The first step in processing the data returned by a sequencing facitlity should be to determine its quality. The results are useful in deciding how to filter the data for quality before any downstream analysis. FastQC analyzes sequence quality and produces visual reports as html files that can be opened in a browser.
Create a conda environment containing the programs fastqc and multiqc. FastQC generates a report for each sequence in html
format which can be opened in a browser. It also generates compressed data files for each sequence.
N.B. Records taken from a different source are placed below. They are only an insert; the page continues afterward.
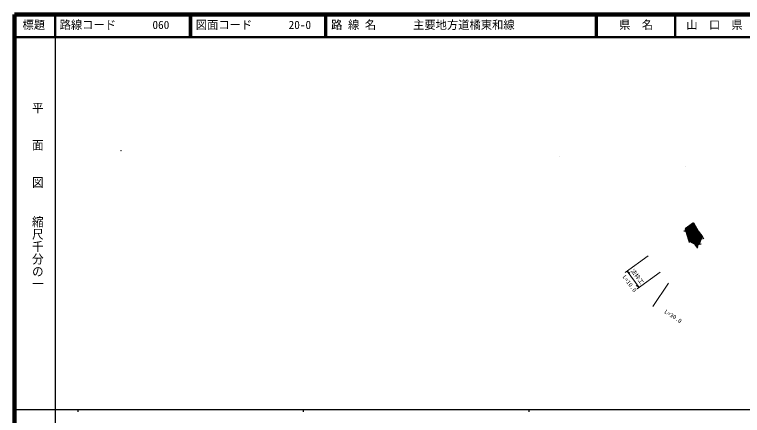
# Model space of a CAD drawing. Units: millimetres on the paper, with parts at other scales. Extents: x 40 to 680, y 20 to 380.
# Drawn here: x 40 to 362.8, y 202.4 to 380 of the extents above; entities that cross this region are included whole.
import ezdxf
from ezdxf.enums import TextEntityAlignment as Align

# ---------------------------------------------------------------- set-up
doc = ezdxf.new("R2010")
doc.units = ezdxf.units.MM
for name, color, linetype, lineweight in [('M-BGD', 7, 'Continuous', 25), ('M-BMK-HTXT', 7, 'Continuous', 13), ('M-STR-HTXT', 7, 'Continuous', 13), ('M-STR-STR3', 7, 'Continuous', 25), ('M-TTL', 2, 'Continuous', 140), ('M-TTL-BAND', 7, 'Continuous', 25), ('M-TTL-LINE', 7, 'Continuous', 50)]:
    doc.layers.add(name, color=color, linetype=linetype, lineweight=lineweight)
doc.layers.add('M-TTL-TXT', color=7, linetype='Continuous')
doc.styles.add('@ＭＳ ゴシック', font='')
doc.styles.add('ＭＳ ゴシック', font='')
doc.styles.get('@ＭＳ ゴシック').set_extended_font_data('@MS Gothic')
doc.styles.get('ＭＳ ゴシック').set_extended_font_data('MS Gothic')

msp = doc.modelspace()

# ---------------------------------------------------------------- linework, layer by layer
at = {"layer": 'M-BGD'}
for p, q in [((336.757, 284.181), (337.534, 284.143)), ((338.986, 279.119), (339.504, 279.438))]:
    msp.add_line(p, q, dxfattribs=at)
at = {"layer": 'M-BMK-HTXT'}
for centre, radius in [((87.181, 319.706), 0.0313), ((87.181, 319.706), 0.025), ((87.181, 319.706), 0.0188), ((87.181, 319.706), 0.0125), ((87.181, 319.706), 0.0063), ((281.829, 317.083), 0.0313), ((281.829, 317.083), 0.025), ((281.829, 317.083), 0.0188), ((281.829, 317.083), 0.0125), ((281.829, 317.083), 0.0063), ((337.341, 312.809), 0.0313), ((337.341, 312.809), 0.025), ((337.341, 312.809), 0.0188), ((337.341, 312.809), 0.0125), ((337.341, 312.809), 0.0063)]:
    msp.add_circle(centre, radius, dxfattribs=at)
at = {"layer": 'M-STR-HTXT'}
for p, q in [((321.026, 273.181), (310.819, 265.754)), ((311.628, 266.342), (312.85, 265.376)), ((311.628, 266.342), (316.913, 259.078)), ((316.105, 258.49), (326.312, 265.917)), ((316.913, 259.078), (315.691, 260.044)), ((323.086, 250.596), (329.926, 260.951))]:
    msp.add_line(p, q, dxfattribs=at)
at = {"layer": 'M-STR-STR3'}
for p, q in [((341.037, 287.496), (340.618, 287.19)), ((341.037, 287.496), (341.654, 286.351)), ((337.513, 284.931), (337.851, 284.304)), ((338.017, 285.297), (337.597, 284.992)), ((337.597, 284.992), (337.941, 284.353)), ((337.851, 284.304), (337.666, 284.205)), ((337.945, 284.128), (337.727, 284.01)), ((338.394, 284.596), (337.941, 284.353)), ((337.945, 284.128), (338.562, 282.983)), ((338.017, 285.297), (338.394, 284.596)), ((338.489, 284.42), (338.036, 284.177)), ((338.036, 284.177), (338.652, 283.032)), ((338.52, 285.663), (338.101, 285.358)), ((338.101, 285.358), (338.485, 284.645)), ((338.937, 284.889), (338.485, 284.645)), ((338.489, 284.42), (339.816, 281.955)), ((338.52, 285.663), (338.937, 284.889)), ((339.032, 284.713), (338.579, 284.469)), ((338.579, 284.469), (339.906, 282.004)), ((339.024, 286.03), (338.604, 285.725)), ((338.604, 285.725), (339.028, 284.938)), ((339.024, 286.03), (339.48, 285.181)), ((339.48, 285.181), (339.028, 284.938)), ((339.032, 284.713), (340.359, 282.247)), ((339.527, 286.396), (339.108, 286.091)), ((339.108, 286.091), (339.571, 285.23)), ((339.575, 285.005), (339.123, 284.761)), ((339.123, 284.761), (340.45, 282.296)), ((339.527, 286.396), (340.024, 285.474)), ((340.024, 285.474), (339.571, 285.23)), ((339.575, 285.005), (340.191, 283.86)), ((340.031, 286.763), (339.611, 286.458)), ((339.611, 286.458), (340.114, 285.522)), ((340.119, 285.298), (339.666, 285.054)), ((339.666, 285.054), (340.282, 283.909)), ((340.031, 286.763), (340.567, 285.766)), ((340.567, 285.766), (340.114, 285.522)), ((340.534, 287.129), (340.115, 286.824)), ((340.115, 286.824), (340.658, 285.815)), ((340.119, 285.298), (340.735, 284.153)), ((340.662, 285.59), (340.209, 285.346)), ((340.209, 285.346), (340.825, 284.202)), ((340.735, 284.153), (340.282, 283.909)), ((340.534, 287.129), (341.11, 286.059)), ((340.618, 287.19), (341.201, 286.107)), ((341.11, 286.059), (340.658, 285.815)), ((340.662, 285.59), (341.278, 284.445)), ((341.205, 285.882), (340.753, 285.639)), ((340.753, 285.639), (341.369, 284.494)), ((341.278, 284.445), (340.825, 284.202)), ((341.373, 284.269), (340.92, 284.026)), ((341.654, 286.351), (341.201, 286.107)), ((341.205, 285.882), (341.821, 284.738)), ((341.748, 286.175), (341.296, 285.931)), ((341.296, 285.931), (341.912, 284.787)), ((341.821, 284.738), (341.369, 284.494)), ((341.373, 284.269), (341.989, 283.124)), ((341.916, 284.562), (341.463, 284.318)), ((341.463, 284.318), (342.08, 283.173)), ((341.748, 286.175), (342.365, 285.03)), ((342.365, 285.03), (341.912, 284.787)), ((341.916, 284.562), (342.532, 283.417)), ((342.459, 284.854), (342.007, 284.61)), ((342.007, 284.61), (342.623, 283.466)), ((342.459, 284.854), (343.076, 283.709)), ((337.727, 284.01), (338.124, 282.748)), ((338.562, 282.983), (338.124, 282.748)), ((338.656, 282.807), (338.204, 282.563)), ((338.204, 282.563), (338.82, 281.419)), ((338.317, 282.136), (338.729, 281.37)), ((338.317, 282.136), (338.583, 281.291)), ((338.729, 281.37), (338.583, 281.291)), ((338.824, 281.194), (338.644, 281.097)), ((340.191, 283.86), (338.652, 283.032)), ((338.656, 282.807), (339.273, 281.662)), ((340.286, 283.684), (338.747, 282.856)), ((338.747, 282.856), (339.363, 281.711)), ((339.273, 281.662), (338.82, 281.419)), ((338.824, 281.194), (339.03, 280.81)), ((339.367, 281.486), (338.915, 281.243)), ((338.915, 281.243), (339.119, 280.862)), ((339.03, 280.81), (339.726, 279.726)), ((339.119, 280.862), (339.813, 279.782)), ((339.816, 281.955), (339.363, 281.711)), ((339.367, 281.486), (339.563, 281.123)), ((339.911, 281.779), (339.458, 281.535)), ((339.458, 281.535), (339.651, 281.176)), ((339.563, 281.123), (340.246, 280.059)), ((339.651, 281.176), (340.332, 280.115)), ((340.359, 282.247), (339.906, 282.004)), ((339.911, 281.779), (340.095, 281.437)), ((340.454, 282.071), (340.001, 281.827)), ((340.001, 281.827), (340.183, 281.489)), ((340.095, 281.437), (340.765, 280.393)), ((340.183, 281.489), (340.852, 280.448)), ((340.286, 283.684), (340.902, 282.54)), ((340.829, 283.977), (340.377, 283.733)), ((340.377, 283.733), (340.993, 282.588)), ((340.902, 282.54), (340.45, 282.296)), ((340.454, 282.071), (340.627, 281.75)), ((340.997, 282.363), (340.545, 282.12)), ((340.545, 282.12), (340.715, 281.802)), ((340.627, 281.75), (341.284, 280.726)), ((340.715, 281.802), (341.371, 280.781)), ((340.829, 283.977), (341.446, 282.832)), ((340.92, 284.026), (341.536, 282.881)), ((341.446, 282.832), (340.993, 282.588)), ((340.997, 282.363), (341.159, 282.063)), ((341.54, 282.656), (341.088, 282.412)), ((341.088, 282.412), (341.247, 282.116)), ((341.159, 282.063), (341.803, 281.059)), ((341.247, 282.116), (341.89, 281.115)), ((341.803, 281.059), (341.371, 280.781)), ((341.911, 280.891), (341.479, 280.613)), ((341.989, 283.124), (341.536, 282.881)), ((341.54, 282.656), (341.691, 282.377)), ((342.084, 282.948), (341.631, 282.705)), ((341.631, 282.705), (341.78, 282.429)), ((341.691, 282.377), (342.323, 281.392)), ((341.78, 282.429), (342.409, 281.448)), ((342.323, 281.392), (341.89, 281.115)), ((341.911, 280.891), (342.614, 279.797)), ((342.431, 281.224), (341.998, 280.946)), ((341.998, 280.946), (342.7, 279.852)), ((342.532, 283.417), (342.08, 283.173)), ((342.084, 282.948), (342.223, 282.69)), ((342.627, 283.241), (342.174, 282.997)), ((342.174, 282.997), (342.312, 282.742)), ((342.223, 282.69), (342.842, 281.726)), ((342.312, 282.742), (342.928, 281.781)), ((342.842, 281.726), (342.409, 281.448)), ((342.431, 281.224), (343.133, 280.13)), ((342.95, 281.557), (342.517, 281.28)), ((342.517, 281.28), (343.219, 280.186)), ((343.076, 283.709), (342.623, 283.466)), ((342.627, 283.241), (342.755, 283.003)), ((343.17, 283.533), (342.718, 283.29)), ((342.718, 283.29), (342.844, 283.056)), ((342.755, 283.003), (343.361, 282.059)), ((342.844, 283.056), (343.448, 282.115)), ((343.361, 282.059), (342.928, 281.781)), ((342.95, 281.557), (343.652, 280.463)), ((343.469, 281.891), (343.037, 281.613)), ((343.037, 281.613), (343.739, 280.519)), ((343.17, 283.533), (343.285, 283.32)), ((343.289, 283.313), (343.88, 282.392)), ((343.88, 282.392), (343.448, 282.115)), ((343.469, 281.891), (344.171, 280.797)), ((344.731, 281.911), (343.517, 278.356)), ((343.988, 282.224), (343.556, 281.946)), ((343.556, 281.946), (344.193, 280.954)), ((343.988, 282.224), (344.405, 281.575)), ((344.193, 280.954), (344.405, 281.575)), ((344.731, 281.911), (345.438, 280.69)), ((339.726, 279.726), (339.527, 279.598)), ((339.834, 279.558), (339.726, 279.488)), ((339.726, 279.488), (339.962, 279.359)), ((340.246, 280.059), (339.813, 279.782)), ((339.834, 279.558), (339.962, 279.359)), ((340.354, 279.891), (339.921, 279.613)), ((339.921, 279.613), (340.151, 279.255)), ((340.151, 279.255), (341.023, 278.776)), ((340.765, 280.393), (340.332, 280.115)), ((340.354, 279.891), (341.056, 278.797)), ((340.873, 280.224), (340.44, 279.947)), ((340.44, 279.947), (341.143, 278.853)), ((341.284, 280.726), (340.852, 280.448)), ((340.873, 280.224), (341.575, 279.13)), ((341.392, 280.558), (340.96, 280.28)), ((340.96, 280.28), (341.662, 279.186)), ((341.056, 278.797), (341.023, 278.776)), ((341.575, 279.13), (341.143, 278.853)), ((341.683, 278.962), (341.251, 278.684)), ((341.251, 278.684), (341.283, 278.633)), ((341.283, 278.633), (342.153, 278.156)), ((341.392, 280.558), (342.094, 279.464)), ((341.479, 280.613), (342.181, 279.519)), ((342.094, 279.464), (341.662, 279.186)), ((341.683, 278.962), (342.067, 278.363)), ((342.202, 279.295), (341.77, 279.018)), ((341.77, 279.018), (342.159, 278.411)), ((343.031, 276.45), (341.82, 278.187)), ((342.153, 278.156), (342.067, 278.363)), ((342.299, 278.071), (342.159, 278.411)), ((342.614, 279.797), (342.181, 279.519)), ((342.202, 279.295), (342.616, 278.65)), ((342.722, 279.628), (342.289, 279.351)), ((342.289, 279.351), (342.708, 278.698)), ((342.299, 278.071), (342.499, 277.941)), ((342.823, 278.149), (342.499, 277.941)), ((342.989, 278.018), (342.587, 277.759)), ((342.823, 278.149), (342.616, 278.65)), ((343.133, 280.13), (342.7, 279.852)), ((342.911, 278.206), (342.708, 278.698)), ((342.722, 279.628), (343.166, 278.937)), ((342.799, 276.851), (343.143, 278.088)), ((343.241, 279.962), (342.808, 279.684)), ((342.808, 279.684), (343.257, 278.985)), ((343.351, 278.488), (342.911, 278.206)), ((343.517, 278.356), (342.989, 278.018)), ((343.351, 278.488), (343.166, 278.937)), ((343.652, 280.463), (343.219, 280.186)), ((343.241, 279.962), (343.641, 279.339)), ((343.401, 278.637), (343.257, 278.985)), ((343.76, 280.295), (343.328, 280.017)), ((343.328, 280.017), (343.683, 279.463)), ((343.401, 278.637), (343.641, 279.339)), ((343.517, 278.356), (344.466, 278.394)), ((343.683, 279.463), (343.895, 280.084)), ((344.171, 280.797), (343.739, 280.519)), ((343.76, 280.295), (343.895, 280.084)), ((344.026, 280.465), (343.847, 280.351)), ((343.847, 280.351), (343.938, 280.209)), ((343.938, 280.209), (344.026, 280.465)), ((344.324, 280.702), (344.854, 280.702))]:
    msp.add_line(p, q, dxfattribs=at)
for points in [[(341.026, 287.735), (337.301, 285.023), (338.057, 282.618), (338.943, 279.801), (342.183, 278.021), (342.587, 277.759)], [(341.026, 287.735), (343.161, 284.078), (344.731, 281.911)], [(337.513, 284.931), (337.452, 284.886), (337.666, 284.205)], [(338.644, 281.097), (339.029, 279.871), (339.527, 279.598)]]:
    msp.add_lwpolyline(points, dxfattribs=at)
at = {"layer": 'M-TTL'}
for p, q in [((40, 380), (40, 20)), ((680, 380), (40, 380))]:
    msp.add_line(p, q, dxfattribs=at)
at = {"layer": 'M-TTL-BAND'}
for p, q in [((58, 370), (58, 20)), ((40, 205), (579, 205)), ((68, 205), (68, 204)), ((168, 205), (168, 204)), ((268, 205), (268, 204))]:
    msp.add_line(p, q, dxfattribs=at)
at = {"layer": 'M-TTL-LINE'}
for p, q in [((58, 380), (58, 370)), ((117.75, 380), (117.75, 370)), ((118.25, 380), (118.25, 370)), ((177.75, 380), (177.75, 370)), ((178.25, 380), (178.25, 370)), ((297.75, 380), (297.75, 370)), ((298.25, 380), (298.25, 370)), ((333, 380), (333, 370)), ((40, 370), (680, 370))]:
    msp.add_line(p, q, dxfattribs=at)

# ---------------------------------------------------------------- texts
at = {"layer": 'M-STR-HTXT', "style": 'ＭＳ ゴシック'}
for s, rotation, p in [('法枠工', 306, (312.733, 266.185)), ('L=10.0', 306, (309.031, 263.455)), ('L=30.0', 327.2, (327.605, 247.422))]:
    msp.add_text(s, height=1.833, rotation=rotation, dxfattribs=at).set_placement(p, align=Align.BOTTOM_LEFT)
at = {"layer": 'M-TTL-BAND', "style": '@ＭＳ ゴシック', "width": 1.1}
for s, p in [('平\u3000\u3000面\u3000\u3000図', (47.277, 341.475)), ('縮尺千分の一', (47.277, 291.03))]:
    msp.add_text(s, height=3.666, rotation=270, dxfattribs=at).set_placement(p, align=Align.BOTTOM_LEFT)
at = {"layer": 'M-TTL-TXT', "style": 'ＭＳ ゴシック'}
for s, p in [('標題', (43.5, 372.5)), ('路線コード', (60, 372.5)), ('路 線 名', (180.38, 372.5)), ('主要地方道橘東和線', (216.734, 372.5)), ('県\u3000名', (308.125, 372.5)), ('山\u3000口\u3000県', (337.875, 372.5)), ('060', (101.142, 372.5)), ('図面コード', (120.38, 372.5)), ('20-0', (161.521, 372.5))]:
    msp.add_text(s, height=3.666, dxfattribs=at).set_placement(p, align=Align.BOTTOM_LEFT)

doc.saveas('drawing.dxf')

Multiqc scans the Fastqc results and compiles a summary report, also in html
format.
cd
conda source miniconda3/etc/profile.d/conda.sh
conda create --name fastqc fastqc'>=0.12' multiqc'>=1.18'
You only need to create this environment once.
Activate the environment and run FastQC with the code below.
conda activate fastqc # Create the directory test_fastqc and move into it
cd mkdir test_fastqc
cd test_fastqc
# Create an output directory
mkdir fastqc
# Download example files from the QIIME2 tutorial pages
wget https://data.qiime2.org/2020.2/tutorials/atacama-soils/1p/forward.fastq.gz
wget https://data.qiime2.org/2020.2/tutorials/atacama-soils/1p/reverse.fastq.gz
# Run fastqc
for f in $(ls *.fastq.gz); do
fastqc $f -o fastqc
done
# Run multiqc
cd fastqc
multiqc .
Open the html
files in the directory test_fastqc
in a browser. There are ten different kinds of reports.